- Work request: Transcribe, word for word and without additions, each line below from the one containing "line L29 (8, -3) -> (8, -6)" through the one containing "line L35 (4, 0.5196) -> (4, 2.9393)", both ends included.

Data to use below:

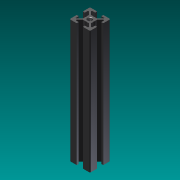
# Autodesk Inventor part: HFSY5-2020-120-TPW
Saved by Autodesk Inventor 2015 (Build 190159000, 159)
## iProperties
Category: PARTsolutions
Company: MISUMI
Created: 2016-02-29
Part Number: HFSY5-2020-120-TPW
Catalog Web Link: www.cadenas.de
Description: NFS5-2020, NFSB5-2020, HFS5-2020, HFSB5-2020, CAF5-2020, HFSY5-2020, NFSF5-2020, HFSF5-2020, HFSFB5-2020, NFST5-2020, HFST5-2020, HFSTB5-2020, HFSH5-2020, HFSC5-2020-HFS5 Series Aluminum Extrusions 20 Square -1 Slot-
Vendor: MISUMI
Document SubType Name: Modeling
Designer: psAdmin
Manufacturer: MISUMI
Mass: 21.8665 g
Surface Area: 212.07 cm^2
Volume: 21.8665 cm^3
Density: 1 g/cm^3
Material: 一般
Appearance: PSOLRGB-175-175-175
PSOL_IDENT_0: {$CADENAS_DATA\23d-libs\misumi\metric\38_al_extrusions_blackets\5\hfs5_2020.prj},580 {VTYP=3D},{NB=H
PSOL_IDENT_1: FSY5-2020-120-TPW},{LINA=HFSY5-2020-120-TPW},{NN=NFS5-2020, NFSB5-2020, HFS5-2020, HFSB5-2020, CAF5-
PSOL_IDENT_2: 2020, HFSY5-2020, NFSF5-2020, HFSF5-2020, HFSFB5-2020, NFST5-2020, HFST5-2020, HFSTB5-2020, HFSH5-20
PSOL_IDENT_3: 20, HFSC5-2020},{DATE=17.07.2015 10:47:07},{GEOMDATE=28.10.2014 00:00:00},{VERSION=},{LINEID=120},{L
PSOL_IDENT_4: INESUBID=-1},{WBVAR=L,ALT1,ALT2,ALT4,ALT5,CP5,DL5,DR5,ALT6,ALT9,ALT10,ALT11,HP6,NHL6,DL6,NHR6,DR6,AL
PSOL_IDENT_5: T7,ALT8,NH9,AH,BH,CH,DH,EH,NH10,AV,BV,CV,DV,EV,NH11,AP,BP,CP,DP,EP,ALT12,ALT13,Z,NH12,XA,XB,XC,XD,XE
PSOL_IDENT_6: ,NH13,YA,YB,YC,YD,YE,ALT16,HP16,DL16,DR16,ALT17,HQ17,JLP,ALT20}  {NB=HFSY5-2020-120-TPW},{LINA=HFSY5
PSOL_IDENT_7: -2020-120-TPW},{KT=DUMMY},{PN=HFSY5-2020-120-TPW},{TPS=HFSY5-2020},{MAT=A6N01SS-T5 Aluminum Alloy or
PSOL_IDENT_8: 6005A-T5 Aluminum Alloy},{ST=Baked-on Finish (Yellow)},{FRMW=20},{FRMH=20},{FRD=4.2},{L=120},{MASS=
PSOL_IDENT_9: 0.5},{SA=183},{LX=0.742x10^4},{LY=0.742x10^4},{ALT1=TPW},{M1=5},{DPL1=15},{DPR1=15},{ALT1PN=-TPW},{A
PSOL_IDENT_10: LT2=},{ALT2ALG= '','Not applicable' },{M2=0},{DP2=0},{ALT2PN=},{ALT4=},{ALT4ALG= '', 'w/o SC (High P
PSOL_IDENT_11: recision Cut)', 'SC', 'with SC (High Precision Cut)' },{ALT4PN=},{ALT5=},{ALT5ALG= '','w/o 45 Degree
PSOL_IDENT_12: Cut','1','with 45 Degree Cut' },{CP5=},{CP5ALG= '','N/A' },{DL5=},{DL5ALG= '','N/A' },{DR5=},{DR5AL
PSOL_IDENT_13: G= '','N/A' },{FRMLALT5=0},{FRMRALT5=0},{ALT5PN=},{ALT6=},{ALT6ALG= '','w/o Fastening Location Wrenc
PSOL_IDENT_14: h Access Hole Alterations','1','with Fastening Location Wrench Access Hole Alterations' },{ALT9=},{A
PSOL_IDENT_15: LT9ALG= '','w/o Location Specified Wrench Access Hole Alteratons (Horizontal)','1','with Location Sp
PSOL_IDENT_16: ecified Wrench Access Hole Alteratons (Horizontal)' },{ALT10=},{ALT10ALG= '','w/o Location Specified
PSOL_IDENT_17: Wrench Access Hole Alteratons (Vertical)','1','with Location Specified Wrench Access Hole Alteraton
PSOL_IDENT_18: s (Vertical)' },{ALT11=},{ALT11ALG= '','w/o Location Specified Wrench Access Hole Alteratons (Crissc
PSOL_IDENT_19: ross)','1','with Location Specified Wrench Access Hole Alteratons (Crisscross)' },{HP6=},{HP6ALG= ''
PSOL_IDENT_20: ,'N/A' },{NHL6=},{NHL6ALG= '','N/A' },{DL6=},{DL6ALG= '','N/A' },{NHR6=},{NHR6ALG= '','N/A' },{DR6=}
PSOL_IDENT_21: ,{DR6ALG= '','N/A' },{HL6=0},{HL6D=0},{HR6=0},{HR6D=0},{J6=0},{J6D=0},{K6=0},{K6D=0},{DD6=0.00},{DD6
PSOL_IDENT_22: ALG=0},{ALT7=},{ALT7ALG= '','N/A' },{ALT8=},{ALT8ALG= '','N/A' },{ALT678PN=},{NH9=0},{NH9MAX=5},{NH9
PSOL_IDENT_23: ALG=[0]},{AH=0.0},{AHMIN=7},{AHMAX=115},{AHALG=[0]},{BH=0.0},{BHMIN=2},{BHMAX=117},{BHALG=[0]},{CH=0
PSOL_IDENT_24: .0},{CHMIN=2},{CHMAX=119},{CHALG=[0]},{DH=0.0},{DHMIN=2},{DHMAX=121},{DHALG=[0]},{EH=0.0},{EHMIN=2},
PSOL_IDENT_25: {EHMAX=113},{EHALG=[0]},{NH10=0},{NH10MAX=5},{NH10ALG=[0]},{AV=0.0},{AVMIN=7},{AVMAX=115},{AVALG=[0]
PSOL_IDENT_26: },{BV=0.0},{BVMIN=2},{BVMAX=117},{BVALG=[0]},{CV=0.0},{CVMIN=2},{CVMAX=119},{CVALG=[0]},{DV=0.0},{DV
PSOL_IDENT_27: MIN=2},{DVMAX=121},{DVALG=[0]},{EV=0.0},{EVMIN=2},{EVMAX=113},{EVALG=[0]},{NH11=0},{NH11MAX=5},{NH11
PSOL_IDENT_28: ALG=[0]},{AP=0.0},{APMIN=7},{APMAX=115},{APALG=[0]},{BP=0.0},{BPMIN=2},{BPMAX=117},{BPALG=[0]},{CP=0
PSOL_IDENT_29: .0},{CPMIN=2},{CPMAX=119},{CPALG=[0]},{DP=0.0},{DPMIN=2},{DPMAX=121},{DPALG=[0]},{EP=0.0},{EPMIN=2},
PSOL_IDENT_30: {EPMAX=113},{EPALG=[0]},{ALT9PN=},{ALT10PN=},{ALT11PN=},{ALT91011PN=},{ALT12=},{ALT12ALG= '','w/o Co
PSOL_IDENT_31: unterbore Hole in Specified Position (Vertical)','1','with Counterbore Hole in Specified Position (V
PSOL_IDENT_32: ertical)' },{ALT13=},{ALT13ALG= '','w/o Counterbore Hole in Specified Position (Horizontal)','1','wi
PSOL_IDENT_33: th Counterbore Hole in Specified Position (Horizontal)' },{Z=},{ZALG= '','N/A' },{DD12=0.0},{DD112=0
PSOL_IDENT_34: .0},{NH12=0},{NH12MAX=5},{NH12ALG=[0]},{XA=0.0},{XAMIN=7},{XAMAX=115},{XAALG=[0]},{XB=0.0},{XBMIN=2}
PSOL_IDENT_35: ,{XBMAX=117},{XBALG=[0]},{XC=0.0},{XCMIN=2},{XCMAX=119},{XCALG=[0]},{XD=0.0},{XDMIN=2},{XDMAX=121},{
PSOL_IDENT_36: XDALG=[0]},{XE=0.0},{XEMIN=2},{XEMAX=113},{XEALG=[0]},{NH13=0},{NH13MAX=5},{NH13ALG=[0]},{YA=0.0},{Y
PSOL_IDENT_37: AMIN=7},{YAMAX=115},{YAALG=[0]},{YB=0.0},{YBMIN=2},{YBMAX=117},{YBALG=[0]},{YC=0.0},{YCMIN=2},{YCMAX=
PSOL_IDENT_38: 119},{YCALG=[0]},{YD=0.0},{YDMIN=2},{YDMAX=121},{YDALG=[0]},{YE=0.0},{YEMIN=2},{YEMAX=113},{YEALG=[0
PSOL_IDENT_39: ]},{ALT12PN=},{ALT13PN=},{ALT1213PN=},{ALT16=},{ALT16ALG= '','w/o M Type Hole Alteration','1','with
PSOL_IDENT_40: M Type Hole Alteration' },{HP16=},{HP16ALG= '','N/A' },{DL16=},{DL16ALG= '','N/A' },{DR16=},{DR16ALG=
PSOL_IDENT_41: '','N/A' },{H116=0},{D16=0.0},{ALT16PN=},{ALT17=},{ALT17ALG= '','w/o L Type Hole Alteration (Top)','
PSOL_IDENT_42: 1','with L Type Hole Alteration (Top)' },{HQ17=0},{HQ17ALG=0},{JLP=0},{JLPMIN=4.9},{JLPMAX=0},{JLPAL
PSOL_IDENT_43: G=[0]},{L17=0},{D17=0.0},{ALT17PN=},{ALT20=},{ALT20PN=},{ERRORALT01=OK},{ERRORALT02=OK},{ERRORALT05=
PSOL_IDENT_44: OK},{ERRORALT06091=OK},{ERRORALT06092=OK},{ERRORALT06093=OK},{ERRORALT06094=OK},{ERRORALT06101=OK},{
PSOL_IDENT_45: ERRORALT06102=OK},{ERRORALT06103=OK},{ERRORALT06104=OK},{ERRORALT06111=OK},{ERRORALT06112=OK},{ERROR
PSOL_IDENT_46: ALT06113=OK},{ERRORALT06114=OK},{ERRORALT06121=OK},{ERRORALT06122=OK},{ERRORALT06123=OK},{ERRORALT06
PSOL_IDENT_47: 124=OK},{ERRORALT06131=OK},{ERRORALT06132=OK},{ERRORALT06133=OK},{ERRORALT06134=OK},{ERRORALT0616=OK
PSOL_IDENT_48: },{ERRORALT06171=OK},{ERRORALT06172=OK},{ERRORALT06173=OK},{ERRORALT0911=OK},{ERRORALT0913=OK},{ERRO
PSOL_IDENT_49: RALT0916=OK},{ERRORALT0917=OK},{ERRORALT1011=OK},{ERRORALT1012=OK},{ERRORALT1016=OK},{ERRORALT1017=O
PSOL_IDENT_50: K},{ERRORALT1112=OK},{ERRORALT1113=OK},{ERRORALT1116=OK},{ERRORALT1117=OK},{ERRORALT1216=OK},{ERRORA
PSOL_IDENT_51: LT1217=OK},{ERRORALT1316=OK},{ERRORALT1317=OK},{ERRORALT1617=OK},{ERRORPN=},{TFW=0}
NN: NFS5-2020, NFSB5-2020, HFS5-2020, HFSB5-2020, CAF5-2020, HFSY5-2020, NFSF5-2020, HFSF5-2020, HFSFB5-2020, NFST5-2020, HFST5-2020, HFSTB5-2020, HFSH5-2020, HFSC5-2020
NT: HFS5 Series Aluminum Extrusions 20 Square -1 Slot-
NB: HFSY5-2020-120-TPW
NBSYN: $PN.
LINA: HFSY5-2020-120-TPW
PN: HFSY5-2020-120-TPW
TPS: HFSY5-2020
MAT: A6N01SS-T5 Aluminum Alloy or 6005A-T5 Aluminum Alloy
ST: Baked-on Finish (Yellow)
L: 120
MASS: 0.5
SA: 183
LX: 0.742x10^4
LY: 0.742x10^4
ALT1: with TPW (Tapping on Both Ends)
M1: 5
DPL1: 15
DPR1: 15
ALT2: Not applicable
M2: 0
DP2: 0
ALT4: w/o SC (High Precision Cut)
ALT5: w/o 45 Degree Cut
CP5: N/A
DL5: N/A
DR5: N/A
ALT6: w/o Fastening Location Wrench Access Hole Alterations
ALT9: w/o Location Specified Wrench Access Hole Alteratons (Horizontal)
ALT10: w/o Location Specified Wrench Access Hole Alteratons (Vertical)
ALT11: w/o Location Specified Wrench Access Hole Alteratons (Crisscross)
HP6: N/A
NHL6: N/A
DL6: N/A
NHR6: N/A
DR6: N/A
HL6D: 0
HR6D: 0
J6D: 0
K6D: 0
DD6: 0.00
ALT7: N/A
ALT8: N/A
NH9: 0
AH: 0.0
BH: 0.0
CH: 0.0
DH: 0.0
EH: 0.0
NH10: 0
AV: 0.0
BV: 0.0
CV: 0.0
DV: 0.0
EV: 0.0
NH11: 0
AP: 0.0
BP: 0.0
CP: 0.0
DP: 0.0
EP: 0.0
ALT12: w/o Counterbore Hole in Specified Position (Vertical)
ALT13: w/o Counterbore Hole in Specified Position (Horizontal)
Z: N/A
DD12: 0.0
DD112: 0.0
NH12: 0
XA: 0.0
XB: 0.0
XC: 0.0
XD: 0.0
XE: 0.0
NH13: 0
YA: 0.0
YB: 0.0
YC: 0.0
YD: 0.0
YE: 0.0
ALT16: w/o M Type Hole Alteration
HP16: N/A
DL16: N/A
DR16: N/A
H116: 0
D16: 0.0
ALT17: w/o L Type Hole Alteration (Top)
HQ17: 0
JLP: 0
D17: 0.0
ALT20: w/o CW (End Face C Chamfering)
SUPPLIER: MISUMI
ARTICLENO: HFSY5-2020-120-TPW
BOMINFO: HFSY5-2020-120-TPW
CREATOR: CADENAS GmbH
Title: HFSY5-2020-120-TPW
Author: Cadenas PARTsolutions
Comments: HFS5 Series Aluminum Extrusions 20 Square -1 Slot-
Autodesk Inventor part; units mm, degrees
sketch "Sketch_1" plane through (0, 0, 0) normal (0, 0, 1) x (1, 0, 0)
  line L0 (-10, 3) -> (-8, 3)
  line L1 (-8, 3) -> (-8, 6)
  line L2 (-8, 6) -> (-7.0607, 6)
  line L3 (-7.0607, 6) -> (-4, 2.9393)
  line L4 (-4, 2.9393) -> (-4, 0.5196)
  line L5 (-4, 0.5196) -> (-3.7, 0)
  line L6 (-3.7, 0) -> (-4, -0.5196)
  line L7 (-4, -0.5196) -> (-4, -2.9393)
  line L8 (-4, -2.9393) -> (-7.0607, -6)
  line L9 (-7.0607, -6) -> (-8, -6)
  line L10 (-8, -6) -> (-8, -3)
  line L11 (-8, -3) -> (-10, -3)
  line L12 (-10, -3) -> (-10, -9)
  arc A0 (-10, -9) -> (-9, -10) centre (-9, -9) ccw
  line L13 (-9, -10) -> (-3, -10)
  line L14 (-3, -10) -> (-3, -8)
  line L15 (-3, -8) -> (-6, -8)
  line L16 (-6, -8) -> (-6, -7.0607)
  line L17 (-6, -7.0607) -> (-2.9393, -4)
  line L18 (-2.9393, -4) -> (-0.5196, -4)
  line L19 (-0.5196, -4) -> (0, -3.7)
  line L20 (0, -3.7) -> (0.5196, -4)
  line L21 (0.5196, -4) -> (2.9393, -4)
  line L22 (2.9393, -4) -> (6, -7.0607)
  line L23 (6, -7.0607) -> (6, -8)
  line L24 (6, -8) -> (3, -8)
  line L25 (3, -8) -> (3, -10)
  line L26 (3, -10) -> (9, -10)
  arc A1 (9, -10) -> (10, -9) centre (9, -9) ccw
  line L27 (10, -9) -> (10, -3)
  line L28 (10, -3) -> (8, -3)
  line L29 (8, -3) -> (8, -6)
  line L30 (8, -6) -> (7.0607, -6)
  line L31 (7.0607, -6) -> (4, -2.9393)
  line L32 (4, -2.9393) -> (4, -0.5196)
  line L33 (4, -0.5196) -> (3.7, 0)
  line L34 (3.7, 0) -> (4, 0.5196)
  line L35 (4, 0.5196) -> (4, 2.9393)
  line L36 (4, 2.9393) -> (7.0607, 6)
  line L37 (7.0607, 6) -> (8, 6)
  line L38 (8, 6) -> (8, 3)
  line L39 (8, 3) -> (10, 3)
  line L40 (10, 3) -> (10, 9)
  arc A2 (10, 9) -> (9, 10) centre (9, 9) ccw
  line L41 (9, 10) -> (3, 10)
  line L42 (3, 10) -> (3, 8)
  line L43 (3, 8) -> (6, 8)
  line L44 (6, 8) -> (6, 7.0607)
  line L45 (6, 7.0607) -> (2.9393, 4)
  line L46 (2.9393, 4) -> (0.5196, 4)
  line L47 (0.5196, 4) -> (0, 3.7)
  line L48 (0, 3.7) -> (-0.5196, 4)
  line L49 (-0.5196, 4) -> (-2.9393, 4)
  line L50 (-2.9393, 4) -> (-6, 7.0607)
  line L51 (-6, 7.0607) -> (-6, 8)
  line L52 (-6, 8) -> (-3, 8)
  line L53 (-3, 8) -> (-3, 10)
  line L54 (-3, 10) -> (-9, 10)
  arc A3 (-9, 10) -> (-10, 9) centre (-9, 9) ccw
  line L55 (-10, 9) -> (-10, 3)
  constraints: 112 end point, 8 point on circle, 4 centre point
extrude "Extrusion1" add sketch "Sketch_1" against normal blind 120
sketch "Sketch2" plane through (0, 0, 0) normal (0, 0, 1) x (1, 0, 0)
  point P0 (0, 0)
hole "Hole1" at (0, 0, 0) direction (0, 0, -1) diameter 4.134 depth 15 countersink diameter 5 countersink angle 90 thread size "M5x0.8" class "6H" standard "ISO Metric profile"
sketch "Sketch3" plane through (0, 0, -120) normal (0, 0, -1) x (-1, 0, 0)
  point P0 (0, 0)
hole "Hole2" at (0, 0, -120) direction (0, 0, 1) diameter 4.134 depth 15 countersink diameter 5 countersink angle 90 thread size "M5x0.8" class "6H" standard "ISO Metric profile"
sketch "Sketch4" plane through (0, 0, -105) normal (0, 0, -1) x (-1, 0, 0)
  point P0 (0, 0)
hole "Hole3" at (0, 0, -105) direction (0, 0, 1) diameter 4.2 depth 90
ref_plane "C1_XY" through (0, 0, 0) normal (0, 0, 1) x (1, 0, 0)
ref_plane "C1_YZ" through (0, 0, 0) normal (1, 0, 0) x (0, 1, 0)
ref_plane "C1_ZX" through (0, 0, 0) normal (0, 1, 0) x (0, 0, 1)
body "Solid1"

End of Data to use.

- Task output:
  line L29 (8, -3) -> (8, -6)
  line L30 (8, -6) -> (7.0607, -6)
  line L31 (7.0607, -6) -> (4, -2.9393)
  line L32 (4, -2.9393) -> (4, -0.5196)
  line L33 (4, -0.5196) -> (3.7, 0)
  line L34 (3.7, 0) -> (4, 0.5196)
  line L35 (4, 0.5196) -> (4, 2.9393)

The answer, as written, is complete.